De nada adianta espernear: Portugal é o vilão do conto de fadas de Marrocos. Quando, a meio da década de 90, regressámos às grandes competições, éramos a equipa preferida dos neutros, o Brasil da Europa, a melhor seleção do futebol sem balizas, os simpáticos e talentosos intrusos, espécie de “lebres” da maratona ou banda de primeira parte que arrumava à pressa o equipamento para dar lugar aos veteranos, geralmente alemães.
O auge desse sentimento universal de simpatia que despertávamos ocorreu no Euro 2000, mas depois da mão de Abel Xavier, dos protestos estilo distritais dos jogadores portugueses, dos castigos pesados e do naufrágio no Mundial seguinte acabou-se o idílio. Nunca mais fomos os queridinhos do público, a escolha das bancadas, aquele amigo do herói que dizia as piadas e morria a meio do filme de ação. Pelo contrário, passámos a ser odiados, sendo esse ódio a consequência previsível da nossa maioridade futebolística.
Quando, por duas vezes, eliminámos Inglaterra nos penáltis, quando combatemos, de igual para igual, os holandeses e os seus truques sujos na Batalha de Nuremberga, quando avançámos até Paris com o nosso blindado de empates e conquistámos a taça na cara dos franceses, descobrimos que o mundo gostava mais de nós quando regressávamos a casa de coração partido com as lágrimas de Eusébio ou deixando para trás o rasto inócuo da genialidade de Chalana.
Durante algum tempo acreditei que esta mudança de corrente teria que ver com o futebol praticado, que se voltássemos ao jogo criativo, envolvente e de ataque da seleção de 2000 reconquistaríamos o afeto perdido. Mas não tem. Nós gostamos de histórias. E a história que os neutros querem ouvir amanhã é a da passagem inédita de uma equipa africana às meias-finais. Marrocos joga o tipo de futebol que, se no banco dos magrebinos estivesse sentado um José Mourinho, seria condenado ao degredo ou acusado de ser pré-histórico.
É uma equipa de meio-fundo, de 1.500 metros, corre muito para apagar fogos na defesa e corre depressa para os atear no ataque. É futebol de cimitarra nos dentes, feio (feio, mas bem jogado nessa fealdade) e com laterais sexy, dos que gostam e sabem atacar e resgatam qualquer equipa da fealdade ambígua do bloco baixo, coeso e incansável. Com aqueles laterais, Hakimi e Mazraoui, a equipa voa, dança, seduz, por vezes fere mortalmente, e depois fecha-se de novo na concha, trancas à porta, persianas para baixo, luzes apagadas. Luzes apagadas para o adversário porque os marroquinos jogam bem às escuras.

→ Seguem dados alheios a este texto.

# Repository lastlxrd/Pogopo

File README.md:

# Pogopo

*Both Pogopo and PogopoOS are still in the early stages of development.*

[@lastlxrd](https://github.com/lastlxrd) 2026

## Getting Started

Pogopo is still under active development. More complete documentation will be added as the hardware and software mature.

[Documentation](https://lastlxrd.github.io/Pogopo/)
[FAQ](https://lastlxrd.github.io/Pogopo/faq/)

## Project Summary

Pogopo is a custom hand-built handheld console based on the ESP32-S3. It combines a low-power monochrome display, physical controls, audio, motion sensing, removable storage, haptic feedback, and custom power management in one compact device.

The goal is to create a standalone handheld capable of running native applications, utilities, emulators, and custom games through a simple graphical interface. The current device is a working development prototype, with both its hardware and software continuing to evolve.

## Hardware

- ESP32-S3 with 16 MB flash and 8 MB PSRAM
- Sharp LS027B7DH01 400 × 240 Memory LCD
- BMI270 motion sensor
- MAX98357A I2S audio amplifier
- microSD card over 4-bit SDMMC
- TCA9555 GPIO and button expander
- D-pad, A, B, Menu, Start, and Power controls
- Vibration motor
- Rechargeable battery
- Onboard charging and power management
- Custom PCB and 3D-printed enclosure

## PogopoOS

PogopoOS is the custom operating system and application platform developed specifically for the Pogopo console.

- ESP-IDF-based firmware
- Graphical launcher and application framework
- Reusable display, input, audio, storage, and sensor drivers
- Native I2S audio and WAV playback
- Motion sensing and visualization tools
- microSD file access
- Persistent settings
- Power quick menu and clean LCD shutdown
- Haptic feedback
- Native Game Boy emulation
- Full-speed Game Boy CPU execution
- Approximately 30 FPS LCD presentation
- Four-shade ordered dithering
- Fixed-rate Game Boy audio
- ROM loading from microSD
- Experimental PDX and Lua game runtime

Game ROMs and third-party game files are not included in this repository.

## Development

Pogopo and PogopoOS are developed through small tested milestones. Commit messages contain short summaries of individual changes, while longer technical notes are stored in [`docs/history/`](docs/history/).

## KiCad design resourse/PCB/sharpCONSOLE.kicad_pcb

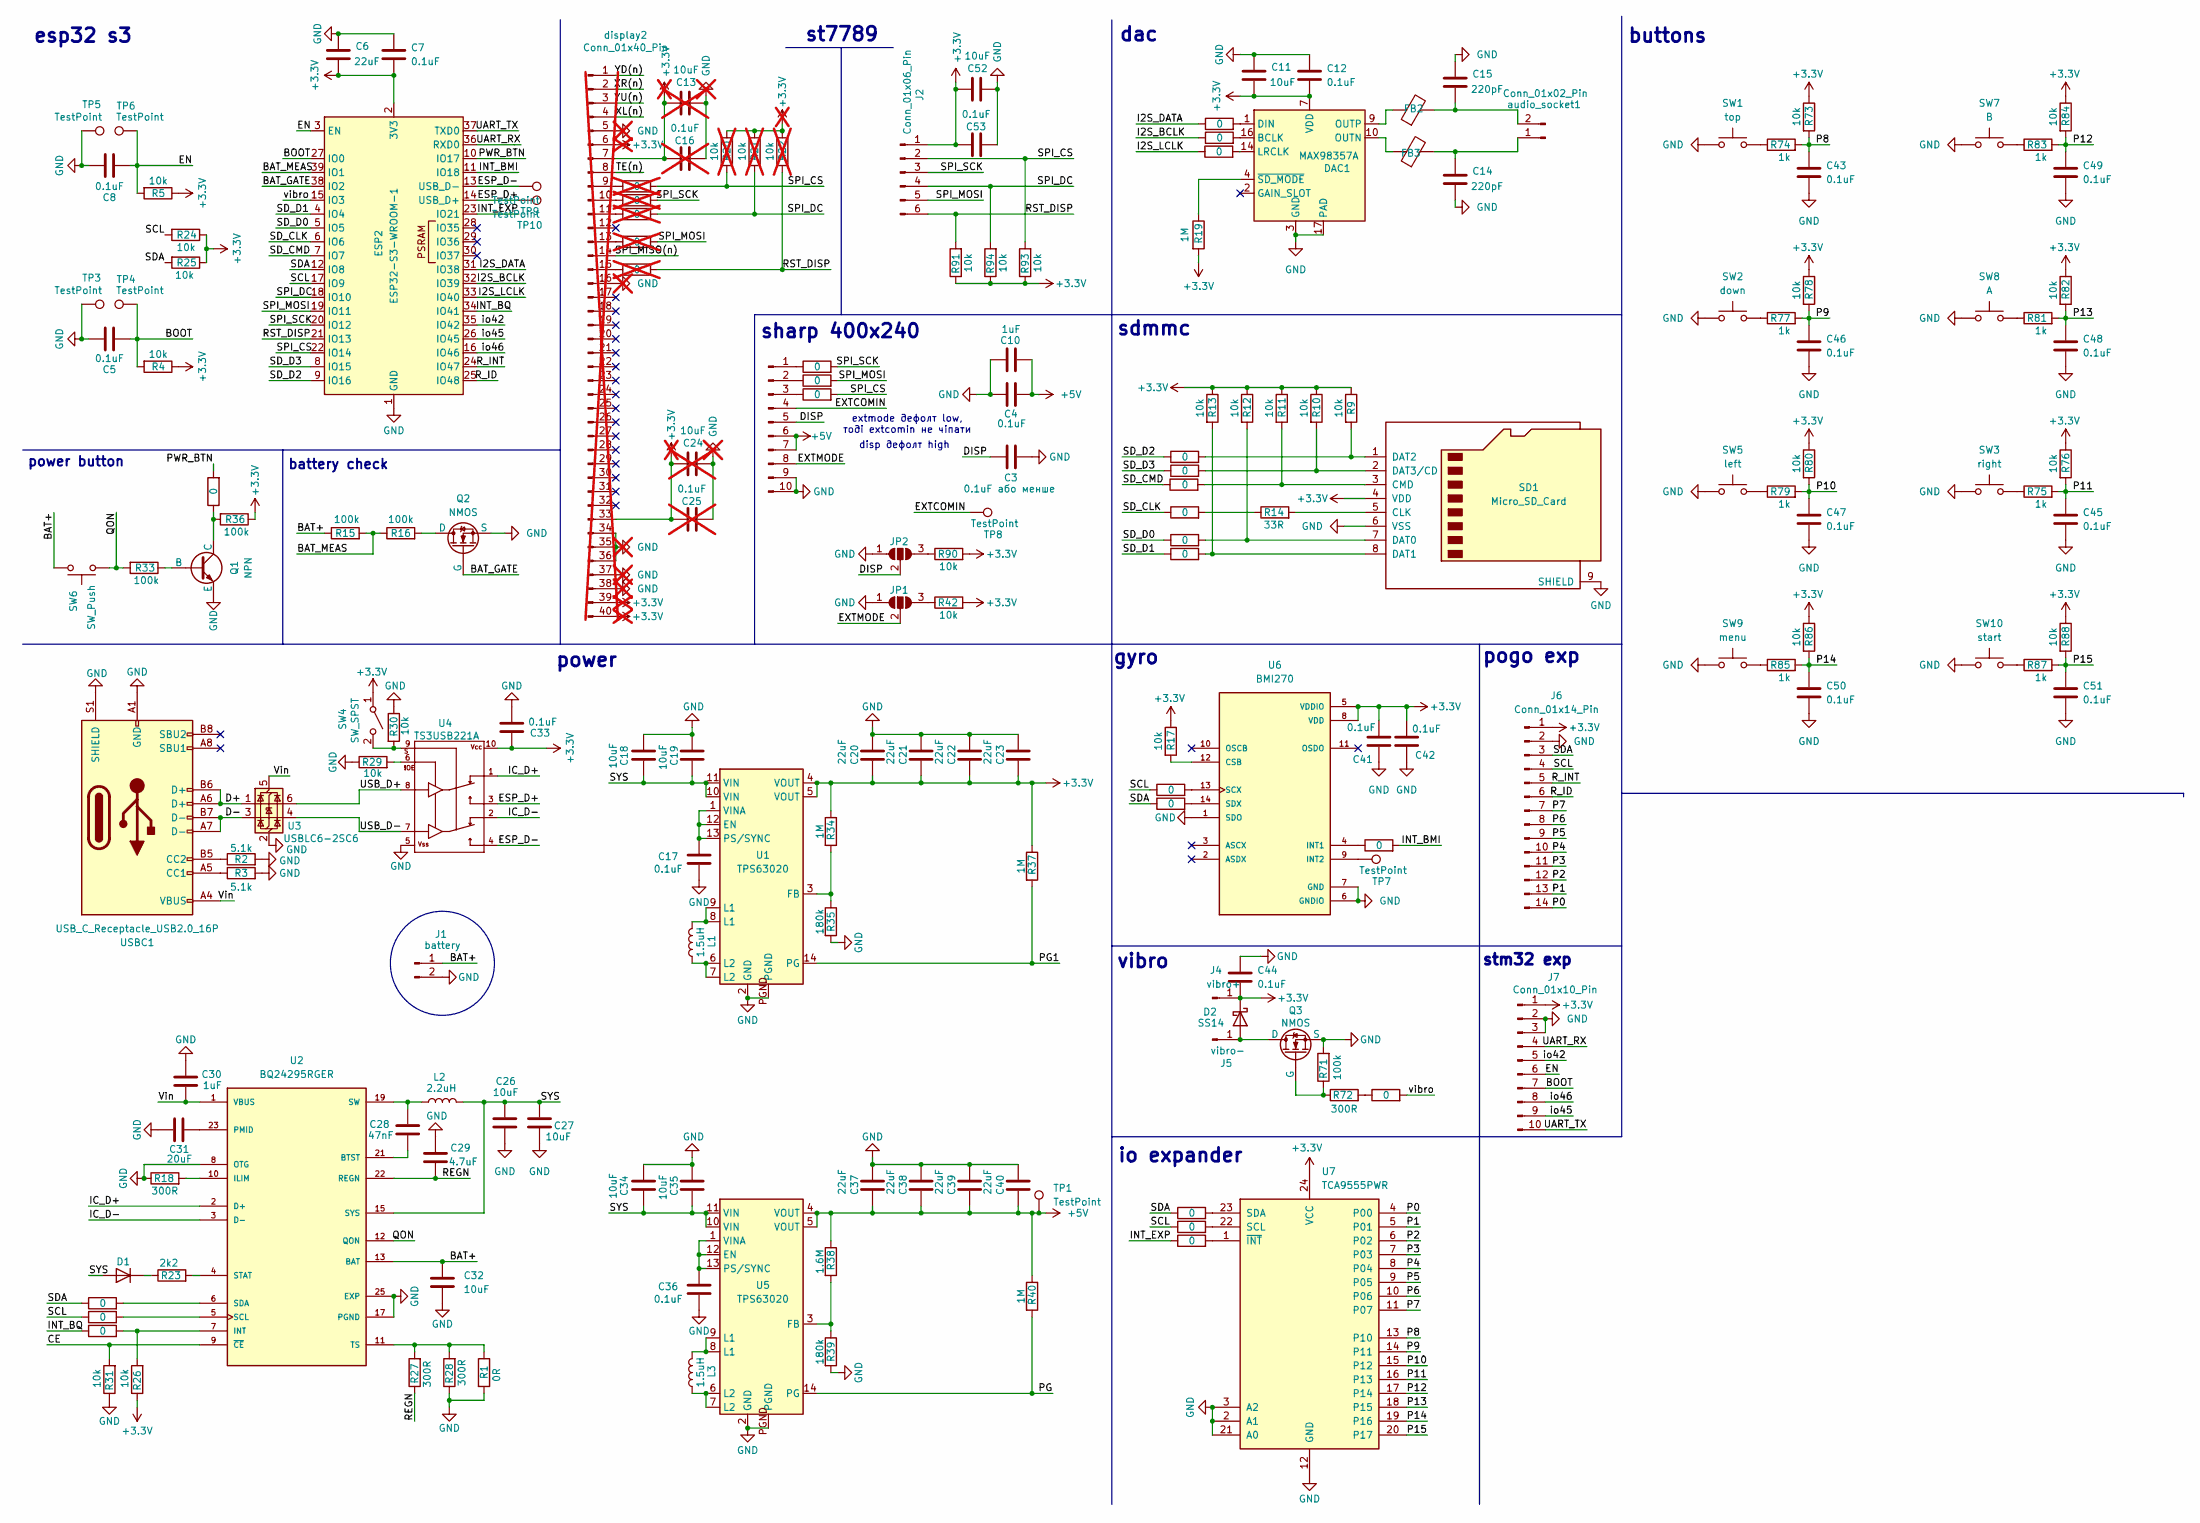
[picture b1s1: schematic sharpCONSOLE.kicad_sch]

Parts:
C3: 0.1uF або менше; C_0805_2012Metric
C4, C5, C7, C8, C12, C17, C33, C36, C41, C42, C43, C44, C45, C46, C47, C48, C49, C50, C51, C53: 0.1uF; C_0805_2012Metric
C6, C20, C21, C22, C23, C37, C38, C39, C40: 22uF; C_0805_2012Metric
C10, C30: 1uF; C_0805_2012Metric
C11, C18, C19, C26, C27, C32, C34, C35, C52: 10uF; C_0805_2012Metric
C13, C24: 10uF; C_0805_2012Metric; not fitted
C14, C15: 220pF; C_0805_2012Metric
C16, C25: 0.1uF; C_0805_2012Metric; not fitted
C28: 47nF; C_0805_2012Metric
C29: 4.7uF; C_0805_2012Metric
C31: 20uF; C_0805_2012Metric
D1: D; LED_0805_2012Metric
D2: SS14; D_SMA
DAC1: MAX98357A; TQFN-16-1EP_3x3mm_P0.5mm_EP1.23x1.23mm
ESP2: ESP32-S3-WROOM-1
FB2, FB3: 600; R_0805_2012Metric
J1: battery; PinHeader_1x02_P2.54mm_Vertical
J2: Conn_01x06_Pin; pad_6pin
J4: vibro+; TestPoint_Pad_1.5x1.5mm
J5: vibro-; TestPoint_Pad_1.5x1.5mm
J6: Conn_01x14_Pin; pads rp2040
J7: Conn_01x10_Pin; pad_10pin
J9: Conn_01x10_Pin; TE_1-1734839-0_1x10-1MP_P0.5mm_Horizontal
JP1, JP2: SolderJumper_3_Open; SolderJumper-3_P1.3mm_Open_RoundedPad1.0x1.5mm
L1, L3: 1.5uH; L_Chilisin_BMRA00050530
L2: 2.2uH; L_Chilisin_BMRA00050530
Q1: NPN; SOT-23-3
Q2, Q3: NMOS; SOT-23
R1: 0R; R_0805_2012Metric
R2, R3: 5.1k; R_0805_2012Metric
R4, R5, R9, R10, R11, R12, R13, R17, R24, R25, R26, R29, R30, R31, R42, R73, R76, R78, R80, R82, R84, R86, R88, R90, R91, R93, R94: 10k; R_0805_2012Metric
R14: 33R; R_0805_2012Metric
R15, R16, R33, R36, R71: 100k; R_0805_2012Metric
R18, R27, R28, R72: 300R; R_0805_2012Metric
R19, R34, R37, R40: 1M; R_0805_2012Metric
R20, R21, R22: 10k; R_0805_2012Metric; not fitted
R23: 2k2; R_0805_2012Metric
R35, R39: 180k; R_0805_2012Metric
R38: 1.6M; R_0805_2012Metric
R43, R44, R45, R46, R47, R48, R52, R53, R54, R55, R56, R57, R58, R59, R60, R61, R62, R63, R64, R70, R96, R97, R98: 0; R_0402_1005Metric
R65, R66, R67, R68, R69: 0; R_0402_1005Metric; not fitted
R74, R75, R77, R79, R81, R83, R85, R87: 1k; R_0805_2012Metric
SD1: Micro_SD_Card; microSD_HC_Hirose_DM3AT-SF-PEJM5
SW1: top; SW_Dome_10mm
SW2: down; SW_Dome_10mm
SW3: right; SW_Dome_10mm
SW4: SW_SPST; SW_DIP_SPSTx01_Slide_Copal_CVS-01xB_W5.9mm_P1mm
SW5: left; SW_Dome_10mm
SW6: SW_Push; SW_SPST_B3U-3000P
SW7: B; SW_Dome_10mm
SW8: A; SW_Dome_10mm
SW9: menu; SW_Dome_10mm
SW10: start; SW_Dome_10mm
TP1: TestPoint; TestPoint_Pad_1.5x1.5mm
TP3, TP4, TP5, TP6, TP9, TP10: TestPoint; TestPoint_Pad_D1.0mm
TP7, TP8: TestPoint; TestPoint_Pad_1.0x1.0mm
U1, U5: TPS63020
U2: BQ24295RGER; IC_BQ24295RGER; PARTREV B
U3: USBLC6-2SC6; SOT-23-6
U4: TS3USB221A; QFN-10-RSE
U6: BMI270; XDCR_BMI270
U7: TCA9555PWR; TSSOP-24_4.4x7.8mm_P0.65mm
USBC1: USB_C_Receptacle_USB2.0_16P; USB_C_Receptacle_GCT_USB4110
audio_socket1: Conn_01x02_Pin; PinHeader_1x02_P2.00mm_Vertical
display2: Conn_01x40_Pin; Hirose_FH12-40S-0.5SH_1x40-1MP_P0.50mm_Horizontal; not fitted

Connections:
+3.3V: C6.2, C7.2, C11.2, C12.2, C13.2, C16.2, C20.1, C21.1, C22.1, C23.1, C24.2, C25.2, C33.2, C41.2, C42.2, C44.2, C52.2, C53.2, D2.1 (K), DAC1.7 (VDD), DAC1.8 (VDD), ESP2.2 (3V3), J2.1, J4.1, J6.1, J7.1, R4.1, R5.1, R9.1, R10.1, R11.1, R12.1, R13.1, R17.1, R19.2, R20.1, R21.1, R22.1, R24.1, R25.1, R26.1, R34.1, R36.1, R37.1, R42.2, R73.1, R76.1, R78.1, R80.1, R82.1, R84.1, R86.1, R88.1, R90.2, R91.1, R93.1, R94.1, SD1.4 (VDD), SW4.1 (A), U1.4 (VOUT), U1.5 (VOUT), U4.10, U6.5 (VDDIO), U6.8 (VDD), U7.24 (VCC), display2.6, display2.7, display2.33, display2.39, display2.40
+5V: C4.2, C10.2, C37.1, C38.1, C39.1, C40.1, J9.6, J9.7, R38.1, R40.1, TP1.1, U5.4 (VOUT), U5.5 (VOUT)
/BAT+: C32.1, J1.1, R15.1, SW6.2, U2.13 (BAT), U2.14 (BAT)
/BAT_GATE: ESP2.38 (IO2), Q2.2 (G)
/BAT_MEAS: ESP2.39 (IO1), R15.2, R16.1
/BOOT: C5.1, ESP2.27 (IO0), J7.7, R4.2, TP4.1
/CE: R31.2, U2.9 (~CE)
/D+: U3.1 (I/O1), USBC1.A6 (D+), USBC1.B6 (D+)
/D-: U3.3 (I/O2), USBC1.A7 (D-), USBC1.B7 (D-)
/DISP: C3.1, J9.5, JP2.2 (C)
/EN: C8.1, ESP2.3 (EN), J7.6, R5.2, TP6.1
/ESP_D+: ESP2.14 (USB_D+), TP10.1, U4.3
/ESP_D-: ESP2.13 (USB_D-), TP9.1, U4.4
/EXTCOMIN: J9.4, TP8.1
/EXTMODE: J9.8, JP1.2 (C)
/I2S_BCLK: ESP2.32 (IO39), R62.1
/I2S_DATA: ESP2.31 (IO38), R61.1
/I2S_LCLK: ESP2.33 (IO40), R63.1
/IC_D+: U2.2 (D+), U4.1
/IC_D-: U2.3 (D-), U4.2
/INT_BMI: ESP2.11 (IO18), R55.2
/INT_BQ: ESP2.34 (IO41), R60.1
/INT_EXP: ESP2.23 (IO21), R54.1
/P0: J6.14, U7.4 (P00)
/P1: J6.13, U7.5 (P01)
/P2: J6.12, U7.6 (P02)
/P3: J6.11, U7.7 (P03)
/P4: J6.10, U7.8 (P04)
/P5: J6.9, U7.9 (P05)
/P6: J6.8, U7.10 (P06)
/P7: J6.7, U7.11 (P07)
/P8: C43.1, R73.2, R74.2, U7.13 (P10)
/P9: C46.1, R77.2, R78.2, U7.14 (P11)
/P10: C47.1, R79.2, R80.2, U7.15 (P12)
/P11: C45.1, R75.2, R76.2, U7.16 (P13)
/P12: C49.1, R83.2, R84.2, U7.17 (P14)
/P13: C48.1, R81.2, R82.2, U7.18 (P15)
/P14: C50.1, R85.2, R86.2, U7.19 (P16)
/P15: C51.1, R87.2, R88.2, U7.20 (P17)
/PG: R40.2, U5.14 (PG)
/PG1: R37.2, U1.14 (PG)
/PWR_BTN: ESP2.10 (IO17), R64.2
/QON: R33.2, SW6.1, U2.12 (QON)
/REGN: C29.1, R27.1, U2.22 (REGN)
/RST_DISP: ESP2.21 (IO13), J2.6, R22.2, R69.2, R91.2
/R_ID: ESP2.25 (IO48), J6.6
/R_INT: ESP2.24 (IO47), J6.5
/SCL: ESP2.17 (IO9), J6.4, R24.2, R53.1, R56.1, R59.1
/SDA: ESP2.12 (IO8), J6.3, R25.2, R52.1, R57.1, R58.1
/SD_CLK: ESP2.6 (IO6), R46.1
/SD_CMD: ESP2.7 (IO7), R45.1
/SD_D0: ESP2.5 (IO5), R47.1
/SD_D1: ESP2.4 (IO4), R48.1
/SD_D2: ESP2.9 (IO16), R43.1
/SD_D3: ESP2.8 (IO15), R44.1
/SPI_CS: ESP2.22 (IO14), J2.2, R20.2, R68.2, R93.2, R98.2
/SPI_DC: ESP2.18 (IO10), J2.4, R21.2, R66.2, R94.2
/SPI_MOSI: ESP2.19 (IO11), J2.5, R67.2, R97.2
/SPI_SCK: ESP2.20 (IO12), J2.3, R65.2, R96.2
/SYS: C18.2, C19.2, C26.1, C27.1, C34.2, C35.2, D1.2 (A), L2.2, U1.10 (VIN), U1.11 (VIN), U2.15 (SYS), U2.16 (SYS), U5.10 (VIN), U5.11 (VIN)
/UART_RX: ESP2.36 (RXD0), J7.4
/UART_TX: ESP2.37 (TXD0), J7.10
/USB_D+: U3.6 (I/O1), U4.8
/USB_D-: U3.4 (I/O2), U4.7
/io42: ESP2.35 (IO42), J7.5
/io45: ESP2.26 (IO45), J7.9
/io46: ESP2.16 (IO46), J7.8
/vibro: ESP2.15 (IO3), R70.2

E nem este futebol verdadeiramente cínico, este zeroazerismo (ainda assim mais vivo e palpitante do que o milpassismo espanhol), arrefece o coração dos que veem nesta a grande história do Mundial, que se agarram à única grande surpresa da competição (fora alguns resultados bizarros que pouco ou nada alteraram a grande ordem das coisas) e que desejam ardentemente que os marroquinos destruam com pedras e paus a beleza de que a nossa seleção já mostrou ser capaz. Como um bom vilão de cinema, um Hannibal Lecter, cabe-nos desmanchar-lhes os prazeres com arte e crueldade.